昔ながらの“衣替え”が待ちきれないほどの陽気がGWを襲ったのも、
もはや毎年恒例になりつつあったれど。
今年のは凄まじかったね、そうそう熱中症で倒れた人の数も記録的だったとか
そんな会話が取り交わされたまま、本来ならば当地ならではな雨期に入るはずが、
今年もまた微妙に乱調な雨催いとなりそうで。

 “今日はまだ涼しい方だけど。
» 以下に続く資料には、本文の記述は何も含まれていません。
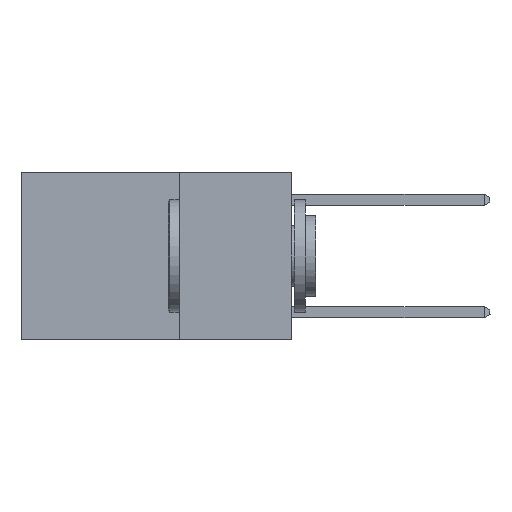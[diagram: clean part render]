
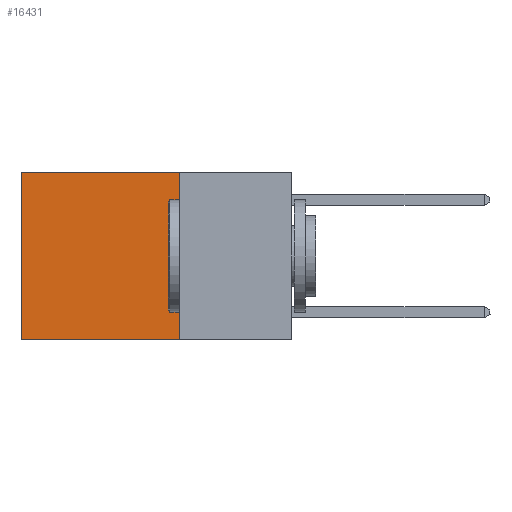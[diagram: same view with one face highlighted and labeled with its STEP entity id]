
A CAD part, left-side view. The second image highlights one B-rep face of the part: STEP entity #16431.
In plain terms, the highlighted planar face has unit normal (-1, 0, 0).
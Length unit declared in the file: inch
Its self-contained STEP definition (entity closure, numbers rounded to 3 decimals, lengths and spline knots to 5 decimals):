
#77 = EDGE_CURVE ( 'NONE', #3988, #14842, #455, .T. ) ;
#284 = VECTOR ( 'NONE', #1060, 39.37008 ) ;
#455 = LINE ( 'NONE', #3476, #9556 ) ;
#690 = DIRECTION ( 'NONE',  ( 0., 0., -1. ) ) ;
#1060 = DIRECTION ( 'NONE',  ( 0., 1., 0. ) ) ;
#1131 = FACE_OUTER_BOUND ( 'NONE', #5095, .T. ) ;
#1426 = ORIENTED_EDGE ( 'NONE', *, *, #77, .F. ) ;
#2119 = DIRECTION ( 'NONE',  ( 0., 1., 0. ) ) ;
#2806 = VERTEX_POINT ( 'NONE', #5320 ) ;
#3476 = CARTESIAN_POINT ( 'NONE',  ( 0.2625, 0.25, 0. ) ) ;
#3596 = VERTEX_POINT ( 'NONE', #15282 ) ;
#3621 = CARTESIAN_POINT ( 'NONE',  ( 0.2625, 0.6, 0. ) ) ;
#3988 = VERTEX_POINT ( 'NONE', #13275 ) ;
#4159 = EDGE_CURVE ( 'NONE', #2806, #3596, #7863, .T. ) ;
#4613 = PLANE ( 'NONE',  #6489 ) ;
#4824 = CARTESIAN_POINT ( 'NONE',  ( 0.2625, 0.25, -0.37 ) ) ;
#5095 = EDGE_LOOP ( 'NONE', ( #5226, #6348, #1426, #5360 ) ) ;
#5226 = ORIENTED_EDGE ( 'NONE', *, *, #4159, .T. ) ;
#5320 = CARTESIAN_POINT ( 'NONE',  ( 0.2625, 0.6, 0. ) ) ;
#5360 = ORIENTED_EDGE ( 'NONE', *, *, #6965, .T. ) ;
#6348 = ORIENTED_EDGE ( 'NONE', *, *, #11856, .F. ) ;
#6489 = AXIS2_PLACEMENT_3D ( 'NONE', #9130, #11698, #10368 ) ;
#6965 = EDGE_CURVE ( 'NONE', #3988, #2806, #15443, .T. ) ;
#7863 = LINE ( 'NONE', #3621, #9854 ) ;
#8237 = CARTESIAN_POINT ( 'NONE',  ( 0.2625, 0.25, 0. ) ) ;
#9130 = CARTESIAN_POINT ( 'NONE',  ( 0.2625, 0.25, 0. ) ) ;
#9232 = DIRECTION ( 'NONE',  ( 0., 0., -1. ) ) ;
#9556 = VECTOR ( 'NONE', #9232, 39.37008 ) ;
#9854 = VECTOR ( 'NONE', #690, 39.37008 ) ;
#10368 = DIRECTION ( 'NONE',  ( 0., 0., -1. ) ) ;
#11698 = DIRECTION ( 'NONE',  ( 1., 0., 0. ) ) ;
#11856 = EDGE_CURVE ( 'NONE', #14842, #3596, #12412, .T. ) ;
#12412 = LINE ( 'NONE', #16491, #16419 ) ;
#13275 = CARTESIAN_POINT ( 'NONE',  ( 0.2625, 0.25, 0. ) ) ;
#14842 = VERTEX_POINT ( 'NONE', #4824 ) ;
#15282 = CARTESIAN_POINT ( 'NONE',  ( 0.2625, 0.6, -0.37 ) ) ;
#15443 = LINE ( 'NONE', #8237, #284 ) ;
#16419 = VECTOR ( 'NONE', #2119, 39.37008 ) ;
#16431 = ADVANCED_FACE ( 'NONE', ( #1131 ), #4613, .F. ) ;
#16491 = CARTESIAN_POINT ( 'NONE',  ( 0.2625, 0.25, -0.37 ) ) ;

”

このところは雨になれば肌寒さも戻ってのこと上着が要ったものが、
そろそろ蒸し暑さとともに訪のうようになるんだろうなと。
昨日降った雨の忘れ物、
少しいびつだった舗道のコンクリの上に居残っている水たまりを
ひょいとまたいで先を急ぐ。
雨のせいでそこいらの川の流れもやや速くなっていようから、
どこぞかの誰かさんが双眸輝かせて飛び込んでいる恐れが大きすぎる。
急ぎの仕事があるではないが、報告書が山のように溜まっているので、
担当した本人にこそ片付けさせろと
いつものお約束、国木田さんにどやされて街へと出てきた虎の子くんで。
息抜きにいつも運ぶ“うずまき”にもいなかったし、
近場の道路沿いの運河にも一応出向いたが、誰か流れているような騒ぎはなく。
緑地沿いの並木の枝ぶりがよさそうな大樹も見上げて確かめたが影もなく、
その並木のご近所のカッフェも覗いたが、
女給さんが愛想よく笑って 件の包帯男はまだ見てないと言うばかり。
これは少し離れた河川敷まで出向かねばならないかなと、
ご近所巡りのコースを少し広げんとしかかったその矢先。

 「あれ…?」

時間はそろそろお昼時。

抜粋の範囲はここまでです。